IRAP's Vietnam Home-to-School Travel Safety Program
One of the Top 20 Most Influential Projects of 2024
For making roads safer through innovative AI technologies
Region: Asia Pacific Sector: Infrastructure UN SDGs: 3, Good Health and Well-being; 9, Industry, Innovation and Infrastructure; 11, Sustainable Cities and Communities
Worldwide, car ownership is at an all-time high. Despite global improvements in the variety and accessibility of public transportation in urban areas, the car craze shows no signs of pumping the brakes. Ownership rates have increased steadily every year since 1980, and today, there are more than one billion cars on the road. It’s not surprising, then, that road traffic accidents are among the top 10 causes of death in the world, and for children, they are the number one cause of death, especially in developing countries. Many of these deaths, especially those that involve pedestrians, could be prevented by “promoting efficient patterns of land use and providing shorter, safer routes for vulnerable road users,” according to the Population Reference Bureau, a research organization that improves human health and well-being through evidence-based policies and practices.
But how do cities or countries implement these two key recommendations on a practical level? The International Road Assessment Programme (IRAP), a nonprofit working to eliminate high-risk roads around the world, has an answer. In 2023, it introduced the project AI&Me: Empowering Youth for Safer Roads in Vietnam to improve road safety for children and adolescents along routes to and from school. Young people between the ages of 10 and 24 suffer high rates of injuries due to poor road safety — 17.2 percent of road-related fatalities in Vietnam are in this age group. The program was deployed in three urban areas — Ho Chi Minh City, Pleiku City, and Yen Bai City — and began by collecting data from 1,063 schools in these areas. The project team used big data to determine which schools present the highest risks when it comes to getting to or from their campus.
But in addition to data generated by artificial intelligence (AI), a cornerstone of the AI&Me project is the “me” part. Students were encouraged to use a purpose-designed mobile application, Youth Engagement App (YEA), to report sites where they feel safe or unsafe along the routes they travel to school. Students dropped pins that marked 20,000 safe or unsafe sites, coupling the pins with comments about risks they’ve witnessed.

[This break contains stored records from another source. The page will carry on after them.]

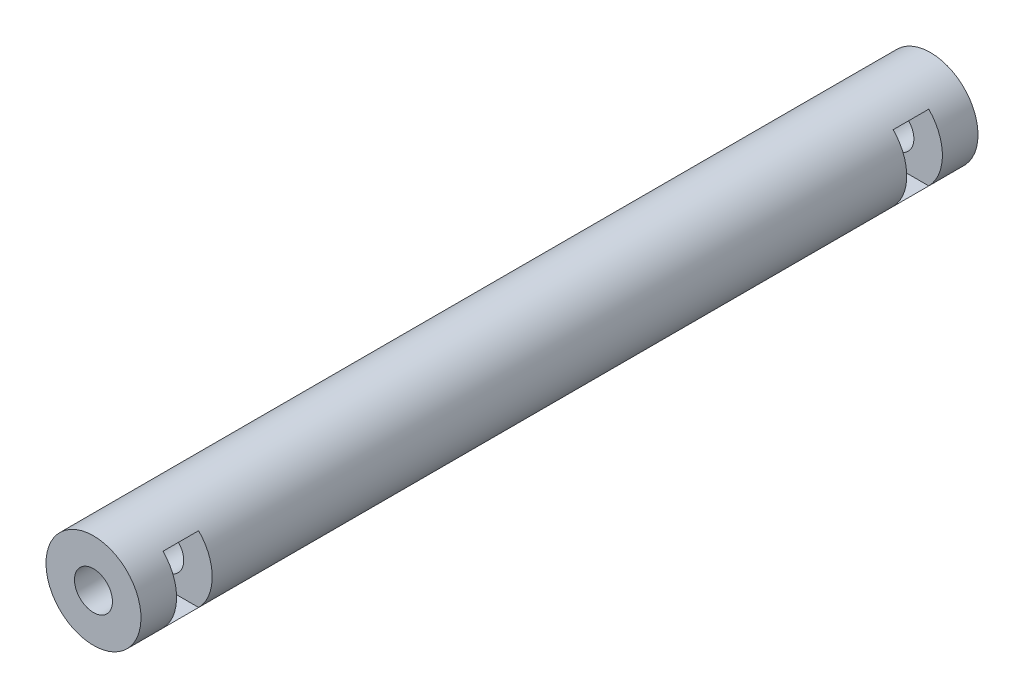
ISO-10303-21;
HEADER;
FILE_DESCRIPTION(('STEP AP214'),'2;1');
FILE_NAME('part.step','',(''),(''),'','','');
FILE_SCHEMA(('AUTOMOTIVE_DESIGN { 1 0 10303 214 1 1 1 1 }'));
ENDSEC;
DATA;
#1=APPLICATION_CONTEXT('core data for automotive mechanical design processes');
#2=APPLICATION_PROTOCOL_DEFINITION('international standard','automotive_design',2000,#1);
#3=PRODUCT_CONTEXT('',#1,'mechanical');
#4=PRODUCT('Part','Part','',(#3));
#5=PRODUCT_RELATED_PRODUCT_CATEGORY('part','',(#4));
#6=PRODUCT_DEFINITION_FORMATION('','',#4);
#7=PRODUCT_DEFINITION_CONTEXT('part definition',#1,'design');
#8=PRODUCT_DEFINITION('design','',#6,#7);
#9=PRODUCT_DEFINITION_SHAPE('','',#8);
#10=(LENGTH_UNIT() NAMED_UNIT(*) SI_UNIT(.MILLI.,.METRE.));
#11=(NAMED_UNIT(*) PLANE_ANGLE_UNIT() SI_UNIT($,.RADIAN.));
#12=(NAMED_UNIT(*) SI_UNIT($,.STERADIAN.) SOLID_ANGLE_UNIT());
#13=UNCERTAINTY_MEASURE_WITH_UNIT(LENGTH_MEASURE(1.E-05),#10,'distance_accuracy_value','');
#14=(GEOMETRIC_REPRESENTATION_CONTEXT(3) GLOBAL_UNCERTAINTY_ASSIGNED_CONTEXT((#13)) GLOBAL_UNIT_ASSIGNED_CONTEXT((#10,
#11,#12)) REPRESENTATION_CONTEXT('',''));
#15=CARTESIAN_POINT('',(0.,0.,0.));
#16=DIRECTION('',(0.,0.,1.));
#17=DIRECTION('',(1.,0.,0.));
#18=AXIS2_PLACEMENT_3D('',#15,#16,#17);
#19=CARTESIAN_POINT('',(2.,37.,70.4916798842214));
#20=DIRECTION('',(0.,0.,-1.));
#21=DIRECTION('',(-1.,0.,0.));
#22=AXIS2_PLACEMENT_3D('',#19,#20,#21);
#23=CYLINDRICAL_SURFACE('',#22,1.6);
#24=CARTESIAN_POINT('',(2.,37.,5.99999999999999));
#25=DIRECTION('',(0.,0.,1.));
#26=DIRECTION('',(1.,0.,0.));
#27=AXIS2_PLACEMENT_3D('',#24,#25,#26);
#28=CIRCLE('',#27,1.6);
#29=CARTESIAN_POINT('',(3.59999999999999,37.,5.99999999999999));
#30=VERTEX_POINT('',#29);
#31=EDGE_CURVE('E144',#30,#30,#28,.F.);
#32=ORIENTED_EDGE('',*,*,#31,.T.);
#33=EDGE_LOOP('',(#32));
#34=FACE_BOUND('',#33,.T.);
#35=CARTESIAN_POINT('',(2.,37.,64.4916798842214));
#36=DIRECTION('',(0.,0.,1.));
#37=DIRECTION('',(0.,-1.,0.));
#38=AXIS2_PLACEMENT_3D('',#35,#36,#37);
#39=CIRCLE('',#38,1.6);
#40=CARTESIAN_POINT('',(2.,35.4,64.4916798842214));
#41=VERTEX_POINT('',#40);
#42=EDGE_CURVE('E121',#41,#41,#39,.F.);
#43=ORIENTED_EDGE('',*,*,#42,.F.);
#44=EDGE_LOOP('',(#43));
#45=FACE_BOUND('',#44,.T.);
#46=ADVANCED_FACE('F33',(#34,#45),#23,.F.);
#47=CARTESIAN_POINT('',(2.,37.,70.4916798842214));
#48=DIRECTION('',(0.,0.,-1.));
#49=DIRECTION('',(-1.,0.,0.));
#50=AXIS2_PLACEMENT_3D('',#47,#48,#49);
#51=CIRCLE('',#50,1.6);
#52=CARTESIAN_POINT('',(0.400000000000001,37.,70.4916798842214));
#53=VERTEX_POINT('',#52);
#54=EDGE_CURVE('E145',#53,#53,#51,.T.);
#55=ORIENTED_EDGE('',*,*,#54,.F.);
#56=EDGE_LOOP('',(#55));
#57=FACE_BOUND('',#56,.T.);
#58=CARTESIAN_POINT('',(2.,37.,67.4916798842214));
#59=DIRECTION('',(0.,0.,-1.));
#60=DIRECTION('',(0.,1.,0.));
#61=AXIS2_PLACEMENT_3D('',#58,#59,#60);
#62=CIRCLE('',#61,1.6);
#63=CARTESIAN_POINT('',(2.,38.6,67.4916798842214));
#64=VERTEX_POINT('',#63);
#65=EDGE_CURVE('E118',#64,#64,#62,.F.);
#66=ORIENTED_EDGE('',*,*,#65,.F.);
#67=EDGE_LOOP('',(#66));
#68=FACE_BOUND('',#67,.T.);
#69=ADVANCED_FACE('F187',(#57,#68),#23,.F.);
#70=CARTESIAN_POINT('',(2.,37.,81.8053883832062));
#71=DIRECTION('',(0.,0.,-1.));
#72=DIRECTION('',(-1.,0.,0.));
#73=AXIS2_PLACEMENT_3D('',#70,#71,#72);
#74=CYLINDRICAL_SURFACE('',#73,4.);
#75=CARTESIAN_POINT('',(2.,37.,67.4916798842214));
#76=DIRECTION('',(0.,0.,-1.));
#77=DIRECTION('',(0.,1.,0.));
#78=AXIS2_PLACEMENT_3D('',#75,#76,#77);
#79=CIRCLE('',#78,4.);
#80=CARTESIAN_POINT('',(-0.856571371417151,34.2,67.4916798842214));
#81=VERTEX_POINT('',#80);
#82=CARTESIAN_POINT('',(-0.856571371417151,39.8,67.4916798842214));
#83=VERTEX_POINT('',#82);
#84=EDGE_CURVE('E106',#81,#83,#79,.T.);
#85=ORIENTED_EDGE('',*,*,#84,.F.);
#86=DIRECTION('',(0.,0.,-1.));
#87=VECTOR('',#86,1.);
#88=CARTESIAN_POINT('',(-0.856571371417151,34.2,81.8053883832062));
#89=LINE('',#88,#87);
#90=CARTESIAN_POINT('',(-0.856571371417151,34.2,64.4916798842214));
#91=VERTEX_POINT('',#90);
#92=EDGE_CURVE('E102',#91,#81,#89,.F.);
#93=ORIENTED_EDGE('',*,*,#92,.F.);
#94=CARTESIAN_POINT('',(2.,37.,64.4916798842214));
#95=DIRECTION('',(0.,0.,1.));
#96=DIRECTION('',(0.,-1.,0.));
#97=AXIS2_PLACEMENT_3D('',#94,#95,#96);
#98=CIRCLE('',#97,4.);
#99=CARTESIAN_POINT('',(-0.856571371417151,39.8,64.4916798842214));
#100=VERTEX_POINT('',#99);
#101=EDGE_CURVE('E43',#100,#91,#98,.T.);
#102=ORIENTED_EDGE('',*,*,#101,.F.);
#103=DIRECTION('',(0.,0.,-1.));
#104=VECTOR('',#103,1.);
#105=CARTESIAN_POINT('',(-0.856571371417151,39.8,81.8053883832062));
#106=LINE('',#105,#104);
#107=EDGE_CURVE('E100',#83,#100,#106,.T.);
#108=ORIENTED_EDGE('',*,*,#107,.F.);
#109=EDGE_LOOP('',(#85,#93,#102,#108));
#110=FACE_BOUND('',#109,.T.);
#111=CARTESIAN_POINT('',(2.,37.,0.));
#112=DIRECTION('',(0.,0.,1.));
#113=DIRECTION('',(1.,0.,0.));
#114=AXIS2_PLACEMENT_3D('',#111,#112,#113);
#115=CIRCLE('',#114,4.);
#116=CARTESIAN_POINT('',(6.,37.,0.));
#117=VERTEX_POINT('',#116);
#118=EDGE_CURVE('E151',#117,#117,#115,.T.);
#119=ORIENTED_EDGE('',*,*,#118,.T.);
#120=EDGE_LOOP('',(#119));
#121=FACE_BOUND('',#120,.T.);
#122=CARTESIAN_POINT('',(2.,37.,70.4916798842214));
#123=DIRECTION('',(0.,0.,-1.));
#124=DIRECTION('',(0.,1.,0.));
#125=AXIS2_PLACEMENT_3D('',#122,#123,#124);
#126=CIRCLE('',#125,4.);
#127=CARTESIAN_POINT('',(2.,41.,70.4916798842214));
#128=VERTEX_POINT('',#127);
#129=EDGE_CURVE('E154',#128,#128,#126,.T.);
#130=ORIENTED_EDGE('',*,*,#129,.T.);
#131=EDGE_LOOP('',(#130));
#132=FACE_BOUND('',#131,.T.);
#133=DIRECTION('',(0.,0.,-1.));
#134=VECTOR('',#133,1.);
#135=CARTESIAN_POINT('',(-0.856571371417151,39.8,81.8053883832062));
#136=LINE('',#135,#134);
#137=CARTESIAN_POINT('',(-0.856571371417151,39.8,3.));
#138=VERTEX_POINT('',#137);
#139=CARTESIAN_POINT('',(-0.856571371417151,39.8,6.));
#140=VERTEX_POINT('',#139);
#141=EDGE_CURVE('E170',#138,#140,#136,.F.);
#142=ORIENTED_EDGE('',*,*,#141,.T.);
#143=CARTESIAN_POINT('',(2.,37.,5.99999999999999));
#144=DIRECTION('',(0.,0.,1.));
#145=DIRECTION('',(1.,0.,0.));
#146=AXIS2_PLACEMENT_3D('',#143,#144,#145);
#147=CIRCLE('',#146,4.);
#148=CARTESIAN_POINT('',(-0.856571371417151,34.2,6.));
#149=VERTEX_POINT('',#148);
#150=EDGE_CURVE('E143',#140,#149,#147,.T.);
#151=ORIENTED_EDGE('',*,*,#150,.T.);
#152=DIRECTION('',(0.,0.,-1.));
#153=VECTOR('',#152,1.);
#154=CARTESIAN_POINT('',(-0.856571371417151,34.2,81.8053883832062));
#155=LINE('',#154,#153);
#156=CARTESIAN_POINT('',(-0.856571371417151,34.2,3.));
#157=VERTEX_POINT('',#156);
#158=EDGE_CURVE('E157',#149,#157,#155,.T.);
#159=ORIENTED_EDGE('',*,*,#158,.T.);
#160=CARTESIAN_POINT('',(2.,37.,3.));
#161=DIRECTION('',(0.,0.,-1.));
#162=DIRECTION('',(-1.,0.,0.));
#163=AXIS2_PLACEMENT_3D('',#160,#161,#162);
#164=CIRCLE('',#163,4.);
#165=EDGE_CURVE('E137',#157,#138,#164,.T.);
#166=ORIENTED_EDGE('',*,*,#165,.T.);
#167=EDGE_LOOP('',(#142,#151,#159,#166));
#168=FACE_BOUND('',#167,.T.);
#169=DIRECTION('',(0.,0.,-1.));
#170=VECTOR('',#169,1.);
#171=CARTESIAN_POINT('',(4.85657137141714,34.2,81.8053883832062));
#172=LINE('',#171,#170);
#173=CARTESIAN_POINT('',(4.85657137141714,34.2,3.));
#174=VERTEX_POINT('',#173);
#175=CARTESIAN_POINT('',(4.85657137141714,34.2,5.99999999999999));
#176=VERTEX_POINT('',#175);
#177=EDGE_CURVE('E164',#174,#176,#172,.F.);
#178=ORIENTED_EDGE('',*,*,#177,.T.);
#179=CARTESIAN_POINT('',(4.85657137141714,39.8,6.));
#180=VERTEX_POINT('',#179);
#181=EDGE_CURVE('E140',#176,#180,#147,.T.);
#182=ORIENTED_EDGE('',*,*,#181,.T.);
#183=DIRECTION('',(0.,0.,-1.));
#184=VECTOR('',#183,1.);
#185=CARTESIAN_POINT('',(4.85657137141714,39.8,81.8053883832062));
#186=LINE('',#185,#184);
#187=CARTESIAN_POINT('',(4.85657137141714,39.8,3.));
#188=VERTEX_POINT('',#187);
#189=EDGE_CURVE('E167',#180,#188,#186,.T.);
#190=ORIENTED_EDGE('',*,*,#189,.T.);
#191=EDGE_CURVE('E139',#188,#174,#164,.T.);
#192=ORIENTED_EDGE('',*,*,#191,.T.);
#193=EDGE_LOOP('',(#178,#182,#190,#192));
#194=FACE_BOUND('',#193,.T.);
#195=CARTESIAN_POINT('',(4.85657137141714,34.2,64.4916798842214));
#196=VERTEX_POINT('',#195);
#197=CARTESIAN_POINT('',(4.85657137141714,39.8,64.4916798842214));
#198=VERTEX_POINT('',#197);
#199=EDGE_CURVE('E11',#196,#198,#98,.T.);
#200=ORIENTED_EDGE('',*,*,#199,.F.);
#201=DIRECTION('',(0.,0.,-1.));
#202=VECTOR('',#201,1.);
#203=CARTESIAN_POINT('',(4.85657137141714,34.2,81.8053883832062));
#204=LINE('',#203,#202);
#205=CARTESIAN_POINT('',(4.85657137141714,34.2,67.4916798842214));
#206=VERTEX_POINT('',#205);
#207=EDGE_CURVE('E37',#206,#196,#204,.T.);
#208=ORIENTED_EDGE('',*,*,#207,.F.);
#209=CARTESIAN_POINT('',(4.85657137141714,39.8,67.4916798842214));
#210=VERTEX_POINT('',#209);
#211=EDGE_CURVE('E173',#210,#206,#79,.T.);
#212=ORIENTED_EDGE('',*,*,#211,.F.);
#213=DIRECTION('',(0.,0.,-1.));
#214=VECTOR('',#213,1.);
#215=CARTESIAN_POINT('',(4.85657137141714,39.8,81.8053883832062));
#216=LINE('',#215,#214);
#217=EDGE_CURVE('E175',#198,#210,#216,.F.);
#218=ORIENTED_EDGE('',*,*,#217,.F.);
#219=EDGE_LOOP('',(#200,#208,#212,#218));
#220=FACE_BOUND('',#219,.T.);
#221=ADVANCED_FACE('F35',(#110,#121,#132,#168,#194,#220),#74,.T.);
#222=CARTESIAN_POINT('',(2.,37.,0.));
#223=DIRECTION('',(0.,0.,1.));
#224=DIRECTION('',(1.,0.,0.));
#225=AXIS2_PLACEMENT_3D('',#222,#223,#224);
#226=PLANE('',#225);
#227=CARTESIAN_POINT('',(2.,37.,0.));
#228=DIRECTION('',(0.,0.,1.));
#229=DIRECTION('',(1.,0.,0.));
#230=AXIS2_PLACEMENT_3D('',#227,#228,#229);
#231=CIRCLE('',#230,1.6);
#232=CARTESIAN_POINT('',(3.59999999999999,37.,0.));
#233=VERTEX_POINT('',#232);
#234=EDGE_CURVE('E148',#233,#233,#231,.T.);
#235=ORIENTED_EDGE('',*,*,#234,.T.);
#236=EDGE_LOOP('',(#235));
#237=FACE_BOUND('',#236,.T.);
#238=ORIENTED_EDGE('',*,*,#118,.F.);
#239=EDGE_LOOP('',(#238));
#240=FACE_BOUND('',#239,.T.);
#241=ADVANCED_FACE('F186',(#237,#240),#226,.F.);
#242=CARTESIAN_POINT('',(0.,0.,70.4916798842214));
#243=DIRECTION('',(0.,0.,-1.));
#244=DIRECTION('',(-1.,0.,0.));
#245=AXIS2_PLACEMENT_3D('',#242,#243,#244);
#246=PLANE('',#245);
#247=ORIENTED_EDGE('',*,*,#54,.T.);
#248=EDGE_LOOP('',(#247));
#249=FACE_BOUND('',#248,.T.);
#250=ORIENTED_EDGE('',*,*,#129,.F.);
#251=EDGE_LOOP('',(#250));
#252=FACE_BOUND('',#251,.T.);
#253=ADVANCED_FACE('F192',(#249,#252),#246,.F.);
#254=CARTESIAN_POINT('',(2.,37.,3.));
#255=DIRECTION('',(0.,0.,-1.));
#256=DIRECTION('',(-1.,0.,0.));
#257=AXIS2_PLACEMENT_3D('',#254,#255,#256);
#258=CIRCLE('',#257,1.6);
#259=CARTESIAN_POINT('',(0.400000000000001,37.,3.));
#260=VERTEX_POINT('',#259);
#261=EDGE_CURVE('E129',#260,#260,#258,.F.);
#262=ORIENTED_EDGE('',*,*,#261,.T.);
#263=EDGE_LOOP('',(#262));
#264=FACE_BOUND('',#263,.T.);
#265=ORIENTED_EDGE('',*,*,#234,.F.);
#266=EDGE_LOOP('',(#265));
#267=FACE_BOUND('',#266,.T.);
#268=ADVANCED_FACE('F196',(#264,#267),#23,.F.);
#269=CARTESIAN_POINT('',(-2.00000000000001,39.8,6.));
#270=DIRECTION('',(0.,1.,0.));
#271=DIRECTION('',(0.,0.,1.));
#272=AXIS2_PLACEMENT_3D('',#269,#270,#271);
#273=PLANE('',#272);
#274=DIRECTION('',(1.,0.,0.));
#275=VECTOR('',#274,1.);
#276=CARTESIAN_POINT('',(-2.00000000000001,39.8,6.));
#277=LINE('',#276,#275);
#278=EDGE_CURVE('E126',#140,#180,#277,.T.);
#279=ORIENTED_EDGE('',*,*,#278,.F.);
#280=ORIENTED_EDGE('',*,*,#141,.F.);
#281=DIRECTION('',(1.,0.,0.));
#282=VECTOR('',#281,1.);
#283=CARTESIAN_POINT('',(-2.00000000000001,39.8,3.));
#284=LINE('',#283,#282);
#285=EDGE_CURVE('E130',#138,#188,#284,.T.);
#286=ORIENTED_EDGE('',*,*,#285,.T.);
#287=ORIENTED_EDGE('',*,*,#189,.F.);
#288=EDGE_LOOP('',(#279,#280,#286,#287));
#289=FACE_BOUND('',#288,.T.);
#290=ADVANCED_FACE('F205',(#289),#273,.F.);
#291=CARTESIAN_POINT('',(-2.00000000000001,34.2,6.));
#292=DIRECTION('',(0.,-1.,0.));
#293=DIRECTION('',(0.,0.,-1.));
#294=AXIS2_PLACEMENT_3D('',#291,#292,#293);
#295=PLANE('',#294);
#296=DIRECTION('',(1.,0.,0.));
#297=VECTOR('',#296,1.);
#298=CARTESIAN_POINT('',(-2.00000000000001,34.2,6.));
#299=LINE('',#298,#297);
#300=EDGE_CURVE('E125',#149,#176,#299,.T.);
#301=ORIENTED_EDGE('',*,*,#300,.T.);
#302=ORIENTED_EDGE('',*,*,#177,.F.);
#303=DIRECTION('',(1.,0.,0.));
#304=VECTOR('',#303,1.);
#305=CARTESIAN_POINT('',(-2.00000000000001,34.2,3.));
#306=LINE('',#305,#304);
#307=EDGE_CURVE('E133',#157,#174,#306,.T.);
#308=ORIENTED_EDGE('',*,*,#307,.F.);
#309=ORIENTED_EDGE('',*,*,#158,.F.);
#310=EDGE_LOOP('',(#301,#302,#308,#309));
#311=FACE_BOUND('',#310,.T.);
#312=ADVANCED_FACE('F211',(#311),#295,.F.);
#313=CARTESIAN_POINT('',(-2.00000000000001,39.8,6.));
#314=DIRECTION('',(0.,0.,1.));
#315=DIRECTION('',(1.,0.,0.));
#316=AXIS2_PLACEMENT_3D('',#313,#314,#315);
#317=PLANE('',#316);
#318=ORIENTED_EDGE('',*,*,#31,.F.);
#319=EDGE_LOOP('',(#318));
#320=FACE_BOUND('',#319,.T.);
#321=ORIENTED_EDGE('',*,*,#278,.T.);
#322=ORIENTED_EDGE('',*,*,#181,.F.);
#323=ORIENTED_EDGE('',*,*,#300,.F.);
#324=ORIENTED_EDGE('',*,*,#150,.F.);
#325=EDGE_LOOP('',(#321,#322,#323,#324));
#326=FACE_BOUND('',#325,.T.);
#327=ADVANCED_FACE('F235',(#320,#326),#317,.F.);
#328=CARTESIAN_POINT('',(-2.00000000000001,39.8,3.));
#329=DIRECTION('',(0.,0.,-1.));
#330=DIRECTION('',(-1.,0.,0.));
#331=AXIS2_PLACEMENT_3D('',#328,#329,#330);
#332=PLANE('',#331);
#333=ORIENTED_EDGE('',*,*,#261,.F.);
#334=EDGE_LOOP('',(#333));
#335=FACE_BOUND('',#334,.T.);
#336=ORIENTED_EDGE('',*,*,#285,.F.);
#337=ORIENTED_EDGE('',*,*,#165,.F.);
#338=ORIENTED_EDGE('',*,*,#307,.T.);
#339=ORIENTED_EDGE('',*,*,#191,.F.);
#340=EDGE_LOOP('',(#336,#337,#338,#339));
#341=FACE_BOUND('',#340,.T.);
#342=ADVANCED_FACE('F233',(#335,#341),#332,.F.);
#343=CARTESIAN_POINT('',(-2.00000000000001,39.8,64.4916798842214));
#344=DIRECTION('',(0.,0.,1.));
#345=DIRECTION('',(0.,-1.,0.));
#346=AXIS2_PLACEMENT_3D('',#343,#344,#345);
#347=PLANE('',#346);
#348=ORIENTED_EDGE('',*,*,#199,.T.);
#349=DIRECTION('',(1.,0.,0.));
#350=VECTOR('',#349,1.);
#351=CARTESIAN_POINT('',(-2.00000000000001,39.8,64.4916798842214));
#352=LINE('',#351,#350);
#353=EDGE_CURVE('E50',#100,#198,#352,.T.);
#354=ORIENTED_EDGE('',*,*,#353,.F.);
#355=ORIENTED_EDGE('',*,*,#101,.T.);
#356=DIRECTION('',(1.,0.,0.));
#357=VECTOR('',#356,1.);
#358=CARTESIAN_POINT('',(-2.00000000000001,34.2,64.4916798842214));
#359=LINE('',#358,#357);
#360=EDGE_CURVE('E122',#91,#196,#359,.T.);
#361=ORIENTED_EDGE('',*,*,#360,.T.);
#362=EDGE_LOOP('',(#348,#354,#355,#361));
#363=FACE_BOUND('',#362,.T.);
#364=ORIENTED_EDGE('',*,*,#42,.T.);
#365=EDGE_LOOP('',(#364));
#366=FACE_BOUND('',#365,.T.);
#367=ADVANCED_FACE('F109',(#363,#366),#347,.T.);
#368=CARTESIAN_POINT('',(-2.00000000000001,34.2,64.4916798842214));
#369=DIRECTION('',(0.,1.,0.));
#370=DIRECTION('',(0.,0.,1.));
#371=AXIS2_PLACEMENT_3D('',#368,#369,#370);
#372=PLANE('',#371);
#373=ORIENTED_EDGE('',*,*,#207,.T.);
#374=ORIENTED_EDGE('',*,*,#360,.F.);
#375=ORIENTED_EDGE('',*,*,#92,.T.);
#376=DIRECTION('',(1.,0.,0.));
#377=VECTOR('',#376,1.);
#378=CARTESIAN_POINT('',(-2.00000000000001,34.2,67.4916798842214));
#379=LINE('',#378,#377);
#380=EDGE_CURVE('E114',#81,#206,#379,.T.);
#381=ORIENTED_EDGE('',*,*,#380,.T.);
#382=EDGE_LOOP('',(#373,#374,#375,#381));
#383=FACE_BOUND('',#382,.T.);
#384=ADVANCED_FACE('F182',(#383),#372,.T.);
#385=CARTESIAN_POINT('',(-2.00000000000001,39.8,67.4916798842214));
#386=DIRECTION('',(0.,0.,-1.));
#387=DIRECTION('',(0.,1.,0.));
#388=AXIS2_PLACEMENT_3D('',#385,#386,#387);
#389=PLANE('',#388);
#390=ORIENTED_EDGE('',*,*,#211,.T.);
#391=ORIENTED_EDGE('',*,*,#380,.F.);
#392=ORIENTED_EDGE('',*,*,#84,.T.);
#393=DIRECTION('',(1.,0.,0.));
#394=VECTOR('',#393,1.);
#395=CARTESIAN_POINT('',(-2.00000000000001,39.8,67.4916798842214));
#396=LINE('',#395,#394);
#397=EDGE_CURVE('E54',#83,#210,#396,.T.);
#398=ORIENTED_EDGE('',*,*,#397,.T.);
#399=EDGE_LOOP('',(#390,#391,#392,#398));
#400=FACE_BOUND('',#399,.T.);
#401=ORIENTED_EDGE('',*,*,#65,.T.);
#402=EDGE_LOOP('',(#401));
#403=FACE_BOUND('',#402,.T.);
#404=ADVANCED_FACE('F252',(#400,#403),#389,.T.);
#405=CARTESIAN_POINT('',(-2.00000000000001,39.8,64.4916798842214));
#406=DIRECTION('',(0.,-1.,0.));
#407=DIRECTION('',(0.,0.,-1.));
#408=AXIS2_PLACEMENT_3D('',#405,#406,#407);
#409=PLANE('',#408);
#410=ORIENTED_EDGE('',*,*,#107,.T.);
#411=ORIENTED_EDGE('',*,*,#353,.T.);
#412=ORIENTED_EDGE('',*,*,#217,.T.);
#413=ORIENTED_EDGE('',*,*,#397,.F.);
#414=EDGE_LOOP('',(#410,#411,#412,#413));
#415=FACE_BOUND('',#414,.T.);
#416=ADVANCED_FACE('F107',(#415),#409,.T.);
#417=CLOSED_SHELL('',(#46,#69,#221,#241,#253,#268,#290,#312,#327,#342,#367,#384,#404,#416));
#418=MANIFOLD_SOLID_BREP('B2',#417);
#419=ADVANCED_BREP_SHAPE_REPRESENTATION('',(#18,#418),#14);
#420=SHAPE_DEFINITION_REPRESENTATION(#9,#419);
ENDSEC;
END-ISO-10303-21;

Around 100 schools were identified as high-risk after IRAP and its partners analyzed the data and student reports and considered them in tandem. By assigning schools a star rating (1 star indicates the least safe area/school; 5 represents the safest), IRAP signaled to city governments which schools and surrounding areas need to be able to prioritize for infrastructure improvement. While there is still more work to be done, the IRAP team, partners, and donors were able to improve seven schools, while municipal governments made 87 improvements across 13 other schools with the collaboration of public and private stakeholders.
The data live on a platform called Citizen Portal, which is accessible to the general public and can be used by various community groups and individuals to advocate for road safety improvements and infrastructural enhancements. Government officials can also consult the portal to help them prioritize projects — as such, it is a crucial tool in a context where limited resources prevent fixing all of the identified problems.
Students themselves report their confidence in the project as a vehicle for meaningful change that can improve safety on their school routes. One ninth grader in Pleiku City recounted her experience with the YEA app for project partners. She reported that the app allowed her to flag a number of dangerous potholes along the route to Nguyen Du Secondary School. She immediately recognized that peers who also reported the potholes could collectively create a record of risk that might motivate government officials to take corrective action. The student became more active in community improvement initiatives once she saw that IRAP’s project resulted in concrete change.